* TASK OBJECTIVE:
Print the line where "dataSet.name = 'Group 1'" occurs and every line that follows it in the data below, ending with the last line, precisely as written.

Records from a data collection
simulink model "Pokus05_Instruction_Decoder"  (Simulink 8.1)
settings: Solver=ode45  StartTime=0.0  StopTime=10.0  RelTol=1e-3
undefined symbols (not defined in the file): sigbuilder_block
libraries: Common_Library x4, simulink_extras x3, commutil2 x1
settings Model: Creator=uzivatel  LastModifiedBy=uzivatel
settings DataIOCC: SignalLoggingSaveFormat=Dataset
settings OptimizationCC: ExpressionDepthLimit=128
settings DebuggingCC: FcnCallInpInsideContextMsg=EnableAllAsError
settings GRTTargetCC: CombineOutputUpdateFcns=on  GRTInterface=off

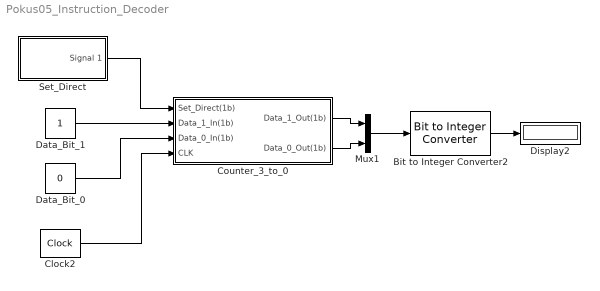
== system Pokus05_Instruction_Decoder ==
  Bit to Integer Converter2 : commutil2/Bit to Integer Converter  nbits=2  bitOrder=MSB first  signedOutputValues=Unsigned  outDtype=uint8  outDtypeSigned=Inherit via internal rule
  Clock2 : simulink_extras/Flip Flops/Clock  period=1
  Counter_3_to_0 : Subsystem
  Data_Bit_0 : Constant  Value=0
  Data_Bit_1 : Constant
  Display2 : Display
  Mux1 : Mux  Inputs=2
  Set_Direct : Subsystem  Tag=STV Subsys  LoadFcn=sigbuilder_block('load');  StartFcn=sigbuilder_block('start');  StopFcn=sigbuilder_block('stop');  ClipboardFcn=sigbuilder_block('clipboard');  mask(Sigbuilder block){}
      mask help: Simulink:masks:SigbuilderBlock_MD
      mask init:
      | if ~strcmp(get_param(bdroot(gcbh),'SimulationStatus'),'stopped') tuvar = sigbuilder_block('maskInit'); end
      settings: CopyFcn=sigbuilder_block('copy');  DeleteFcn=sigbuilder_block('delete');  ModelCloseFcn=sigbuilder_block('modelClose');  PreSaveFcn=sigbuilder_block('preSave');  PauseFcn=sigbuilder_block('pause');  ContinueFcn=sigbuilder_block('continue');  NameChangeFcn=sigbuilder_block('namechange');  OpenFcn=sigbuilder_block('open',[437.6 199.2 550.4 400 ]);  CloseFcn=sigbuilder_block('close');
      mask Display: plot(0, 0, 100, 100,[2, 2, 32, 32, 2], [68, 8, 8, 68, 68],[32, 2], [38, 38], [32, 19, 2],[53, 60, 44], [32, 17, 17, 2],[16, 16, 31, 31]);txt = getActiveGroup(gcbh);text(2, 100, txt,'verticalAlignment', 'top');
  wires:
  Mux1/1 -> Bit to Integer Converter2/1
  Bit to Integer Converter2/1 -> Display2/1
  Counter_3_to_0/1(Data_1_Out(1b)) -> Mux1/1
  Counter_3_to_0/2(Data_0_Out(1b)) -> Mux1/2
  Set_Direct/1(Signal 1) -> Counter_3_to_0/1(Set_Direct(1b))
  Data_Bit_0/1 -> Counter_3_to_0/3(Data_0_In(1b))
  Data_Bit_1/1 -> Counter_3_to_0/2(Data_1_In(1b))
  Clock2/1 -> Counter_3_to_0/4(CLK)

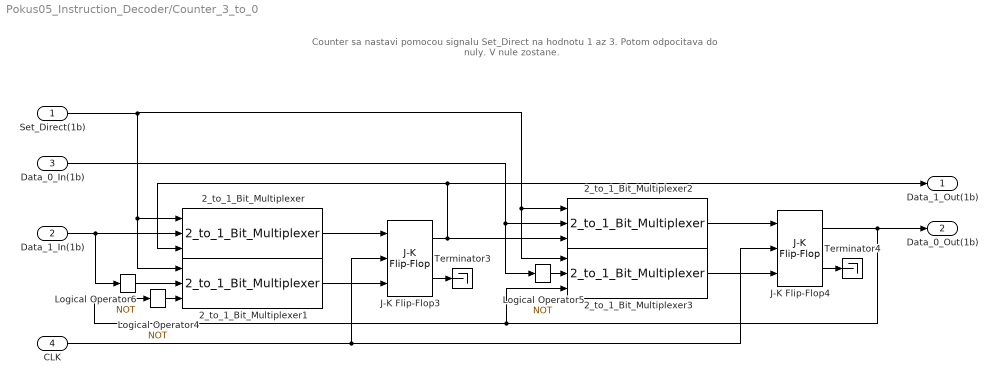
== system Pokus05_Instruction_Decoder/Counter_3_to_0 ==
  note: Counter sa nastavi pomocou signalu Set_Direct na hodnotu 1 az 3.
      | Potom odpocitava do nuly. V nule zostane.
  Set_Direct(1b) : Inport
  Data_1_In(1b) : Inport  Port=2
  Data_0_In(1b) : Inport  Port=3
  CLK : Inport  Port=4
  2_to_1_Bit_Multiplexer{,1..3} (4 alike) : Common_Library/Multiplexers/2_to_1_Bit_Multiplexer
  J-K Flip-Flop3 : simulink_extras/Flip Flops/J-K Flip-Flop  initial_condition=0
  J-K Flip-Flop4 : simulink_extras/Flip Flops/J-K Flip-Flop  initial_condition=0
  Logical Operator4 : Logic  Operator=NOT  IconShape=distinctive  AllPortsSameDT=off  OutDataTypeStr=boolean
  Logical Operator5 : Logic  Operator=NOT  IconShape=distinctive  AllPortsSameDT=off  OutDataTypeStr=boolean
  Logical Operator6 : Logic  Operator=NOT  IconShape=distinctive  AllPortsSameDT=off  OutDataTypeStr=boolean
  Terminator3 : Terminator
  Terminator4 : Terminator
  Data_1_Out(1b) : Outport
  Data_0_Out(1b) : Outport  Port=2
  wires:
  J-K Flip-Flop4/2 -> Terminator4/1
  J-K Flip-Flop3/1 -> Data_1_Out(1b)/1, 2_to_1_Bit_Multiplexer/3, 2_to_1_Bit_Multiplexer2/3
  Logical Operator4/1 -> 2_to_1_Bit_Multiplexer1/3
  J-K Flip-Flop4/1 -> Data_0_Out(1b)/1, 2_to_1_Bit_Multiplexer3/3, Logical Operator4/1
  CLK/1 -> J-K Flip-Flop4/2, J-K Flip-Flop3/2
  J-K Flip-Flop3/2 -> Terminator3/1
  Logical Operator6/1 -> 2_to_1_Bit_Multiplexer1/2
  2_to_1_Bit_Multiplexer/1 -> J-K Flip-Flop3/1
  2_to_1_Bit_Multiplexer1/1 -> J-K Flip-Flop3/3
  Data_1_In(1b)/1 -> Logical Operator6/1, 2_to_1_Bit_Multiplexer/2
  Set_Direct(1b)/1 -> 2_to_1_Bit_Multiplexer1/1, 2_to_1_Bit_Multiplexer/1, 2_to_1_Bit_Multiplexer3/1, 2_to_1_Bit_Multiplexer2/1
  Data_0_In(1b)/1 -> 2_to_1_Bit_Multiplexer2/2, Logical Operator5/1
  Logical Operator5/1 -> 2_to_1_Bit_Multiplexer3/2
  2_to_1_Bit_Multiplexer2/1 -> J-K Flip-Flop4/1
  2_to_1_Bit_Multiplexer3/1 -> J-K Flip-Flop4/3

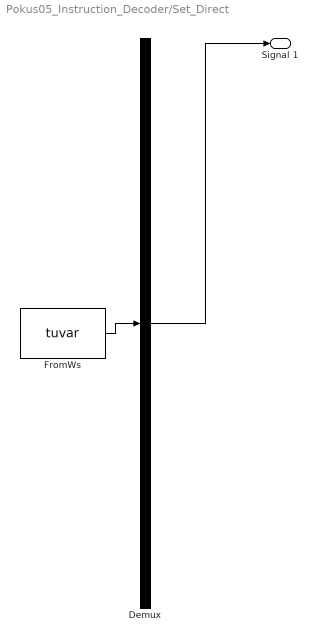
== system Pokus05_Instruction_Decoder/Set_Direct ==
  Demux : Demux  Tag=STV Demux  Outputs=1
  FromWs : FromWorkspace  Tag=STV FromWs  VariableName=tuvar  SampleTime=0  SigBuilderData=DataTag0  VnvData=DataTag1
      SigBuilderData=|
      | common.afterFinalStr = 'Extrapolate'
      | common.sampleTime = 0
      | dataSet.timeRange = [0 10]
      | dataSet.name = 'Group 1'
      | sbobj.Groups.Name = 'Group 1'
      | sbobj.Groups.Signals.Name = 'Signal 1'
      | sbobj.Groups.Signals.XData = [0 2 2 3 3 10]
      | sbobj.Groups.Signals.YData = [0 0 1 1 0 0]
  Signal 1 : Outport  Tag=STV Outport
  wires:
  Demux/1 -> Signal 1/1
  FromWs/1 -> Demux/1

* TASK RESULT:
      | dataSet.name = 'Group 1'
      | sbobj.Groups.Name = 'Group 1'
      | sbobj.Groups.Signals.Name = 'Signal 1'
      | sbobj.Groups.Signals.XData = [0 2 2 3 3 10]
      | sbobj.Groups.Signals.YData = [0 0 1 1 0 0]
  Signal 1 : Outport  Tag=STV Outport
  wires:
  Demux/1 -> Signal 1/1
  FromWs/1 -> Demux/1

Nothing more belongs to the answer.